[Data for this task — start]
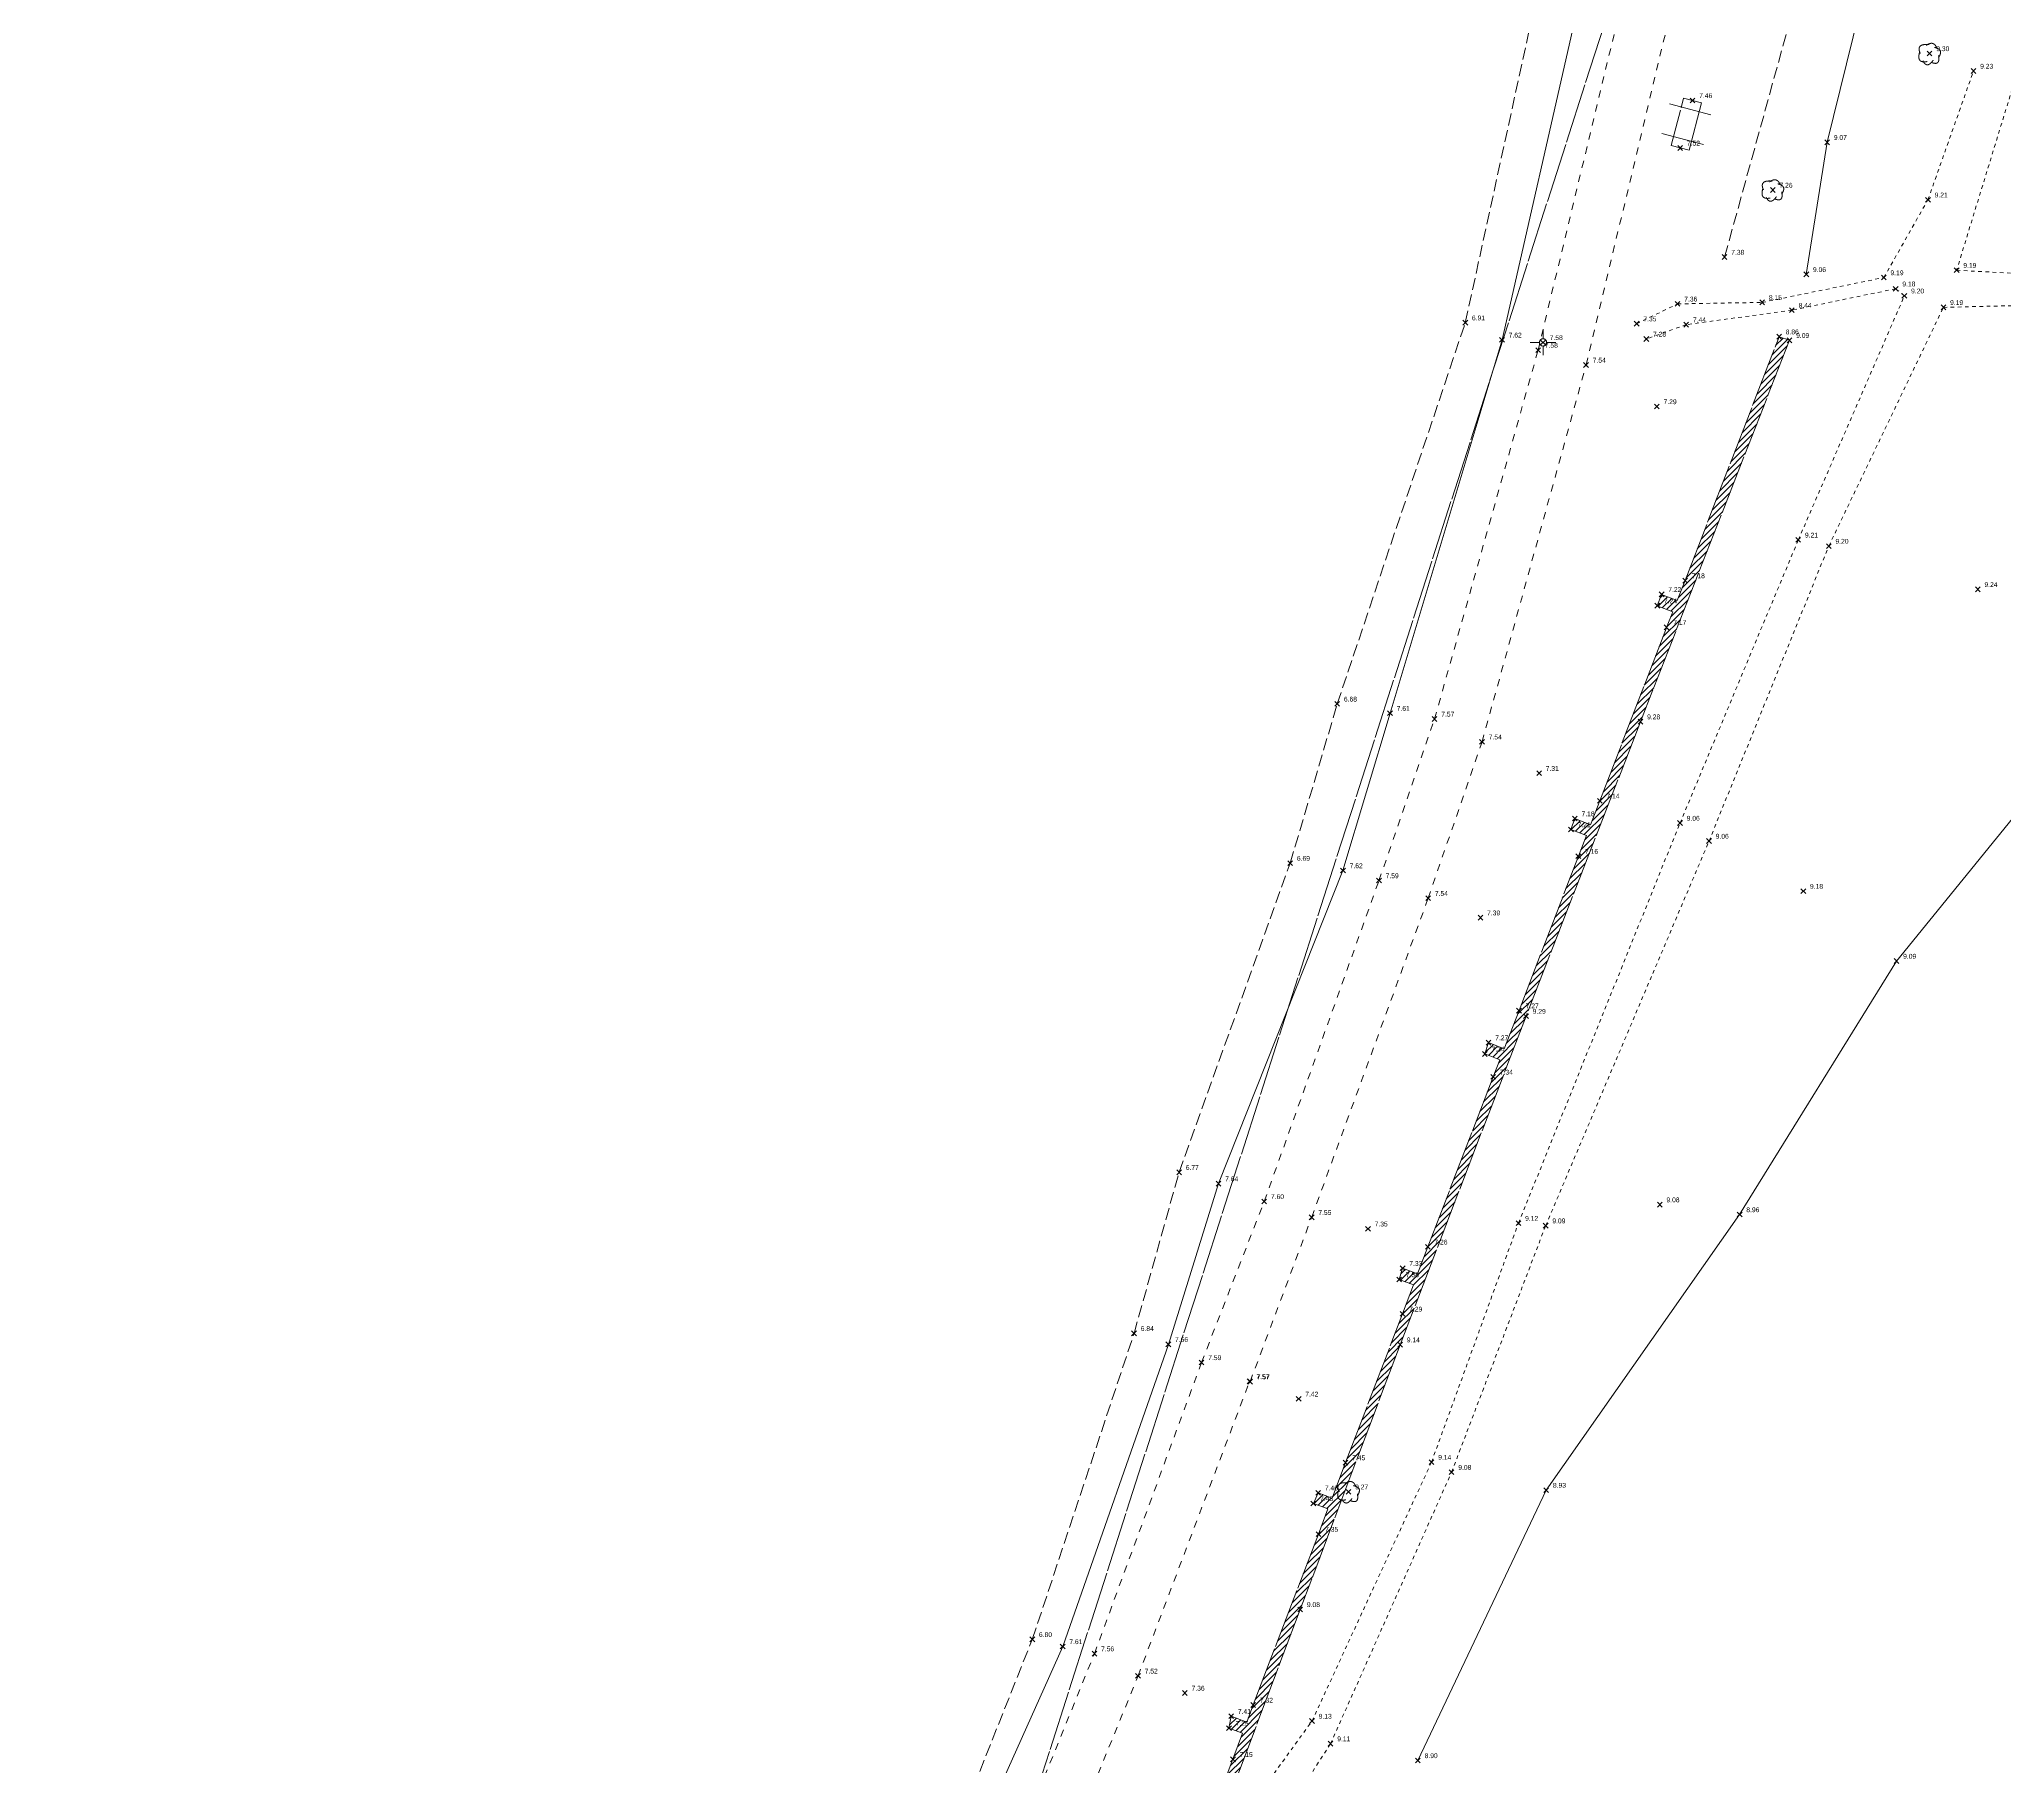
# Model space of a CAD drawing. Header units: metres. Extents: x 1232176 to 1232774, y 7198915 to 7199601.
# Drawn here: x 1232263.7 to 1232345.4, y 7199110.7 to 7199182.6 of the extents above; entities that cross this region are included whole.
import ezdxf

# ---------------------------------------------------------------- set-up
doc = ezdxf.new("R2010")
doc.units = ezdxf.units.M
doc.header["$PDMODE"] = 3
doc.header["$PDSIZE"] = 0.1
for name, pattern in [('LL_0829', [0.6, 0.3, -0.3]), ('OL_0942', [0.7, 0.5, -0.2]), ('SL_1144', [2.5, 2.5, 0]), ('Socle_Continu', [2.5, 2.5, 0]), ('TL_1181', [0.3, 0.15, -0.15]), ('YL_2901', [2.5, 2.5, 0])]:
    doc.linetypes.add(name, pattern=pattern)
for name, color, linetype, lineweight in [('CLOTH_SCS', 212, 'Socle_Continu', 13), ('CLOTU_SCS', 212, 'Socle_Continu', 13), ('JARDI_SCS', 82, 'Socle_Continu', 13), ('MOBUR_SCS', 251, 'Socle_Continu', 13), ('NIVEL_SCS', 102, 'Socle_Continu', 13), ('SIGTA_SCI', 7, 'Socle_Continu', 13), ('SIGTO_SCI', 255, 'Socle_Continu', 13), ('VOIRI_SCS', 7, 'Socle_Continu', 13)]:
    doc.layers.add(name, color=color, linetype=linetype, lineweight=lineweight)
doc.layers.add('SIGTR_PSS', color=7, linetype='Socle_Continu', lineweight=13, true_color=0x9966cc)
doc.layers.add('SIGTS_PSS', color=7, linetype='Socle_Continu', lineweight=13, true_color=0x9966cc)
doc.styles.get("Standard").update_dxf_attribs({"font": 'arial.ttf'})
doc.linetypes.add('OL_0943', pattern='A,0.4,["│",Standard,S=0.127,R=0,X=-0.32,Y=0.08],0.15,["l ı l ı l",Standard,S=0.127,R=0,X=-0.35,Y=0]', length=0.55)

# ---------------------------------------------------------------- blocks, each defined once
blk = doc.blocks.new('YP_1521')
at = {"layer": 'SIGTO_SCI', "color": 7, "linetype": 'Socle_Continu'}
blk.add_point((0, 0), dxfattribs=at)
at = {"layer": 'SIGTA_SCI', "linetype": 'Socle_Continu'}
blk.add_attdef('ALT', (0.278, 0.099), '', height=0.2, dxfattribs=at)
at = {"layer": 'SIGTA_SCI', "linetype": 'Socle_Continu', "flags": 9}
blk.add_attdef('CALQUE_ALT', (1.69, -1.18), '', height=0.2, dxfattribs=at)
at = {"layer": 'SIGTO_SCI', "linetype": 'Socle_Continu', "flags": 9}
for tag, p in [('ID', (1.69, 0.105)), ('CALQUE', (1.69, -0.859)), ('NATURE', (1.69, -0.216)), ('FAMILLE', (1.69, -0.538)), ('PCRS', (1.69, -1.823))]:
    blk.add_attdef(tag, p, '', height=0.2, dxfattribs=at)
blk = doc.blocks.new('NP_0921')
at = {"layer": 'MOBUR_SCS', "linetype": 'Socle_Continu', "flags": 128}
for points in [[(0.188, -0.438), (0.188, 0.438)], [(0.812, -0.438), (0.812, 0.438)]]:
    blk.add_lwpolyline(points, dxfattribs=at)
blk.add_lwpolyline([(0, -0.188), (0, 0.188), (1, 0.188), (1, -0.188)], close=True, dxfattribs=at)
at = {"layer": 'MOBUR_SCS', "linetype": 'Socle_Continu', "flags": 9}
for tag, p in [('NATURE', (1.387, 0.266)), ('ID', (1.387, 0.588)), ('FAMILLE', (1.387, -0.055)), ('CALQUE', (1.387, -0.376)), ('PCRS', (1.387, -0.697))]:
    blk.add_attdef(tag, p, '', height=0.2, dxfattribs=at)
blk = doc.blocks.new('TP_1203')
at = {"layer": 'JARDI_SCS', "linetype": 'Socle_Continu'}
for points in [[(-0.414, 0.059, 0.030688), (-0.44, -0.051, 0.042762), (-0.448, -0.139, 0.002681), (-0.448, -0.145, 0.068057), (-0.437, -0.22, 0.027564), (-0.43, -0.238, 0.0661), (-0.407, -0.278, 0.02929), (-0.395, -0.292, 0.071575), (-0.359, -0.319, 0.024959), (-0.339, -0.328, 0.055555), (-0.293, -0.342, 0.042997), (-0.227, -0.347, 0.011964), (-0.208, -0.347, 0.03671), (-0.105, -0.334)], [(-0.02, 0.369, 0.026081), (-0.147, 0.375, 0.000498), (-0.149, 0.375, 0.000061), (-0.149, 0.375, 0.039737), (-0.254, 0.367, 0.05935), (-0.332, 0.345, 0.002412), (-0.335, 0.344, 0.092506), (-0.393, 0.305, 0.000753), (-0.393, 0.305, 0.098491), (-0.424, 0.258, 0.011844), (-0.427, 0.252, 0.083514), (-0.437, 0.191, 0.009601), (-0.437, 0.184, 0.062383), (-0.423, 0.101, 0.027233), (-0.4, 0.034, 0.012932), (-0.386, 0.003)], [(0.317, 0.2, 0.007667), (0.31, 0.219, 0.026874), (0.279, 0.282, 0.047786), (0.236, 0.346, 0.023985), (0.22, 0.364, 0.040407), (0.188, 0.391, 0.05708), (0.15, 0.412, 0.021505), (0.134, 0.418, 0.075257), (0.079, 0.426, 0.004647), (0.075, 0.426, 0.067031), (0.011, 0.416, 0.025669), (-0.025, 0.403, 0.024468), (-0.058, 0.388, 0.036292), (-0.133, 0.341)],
[Data for this task — finish]
| Activity |
Search the listing for the word "height", and copy every line in which it is found.

| Exercise solution |
blk.add_attdef('ALT', (0.278, 0.099), '', height=0.2, dxfattribs=at)
blk.add_attdef('CALQUE_ALT', (1.69, -1.18), '', height=0.2, dxfattribs=at)
    blk.add_attdef(tag, p, '', height=0.2, dxfattribs=at)
    blk.add_attdef(tag, p, '', height=0.2, dxfattribs=at)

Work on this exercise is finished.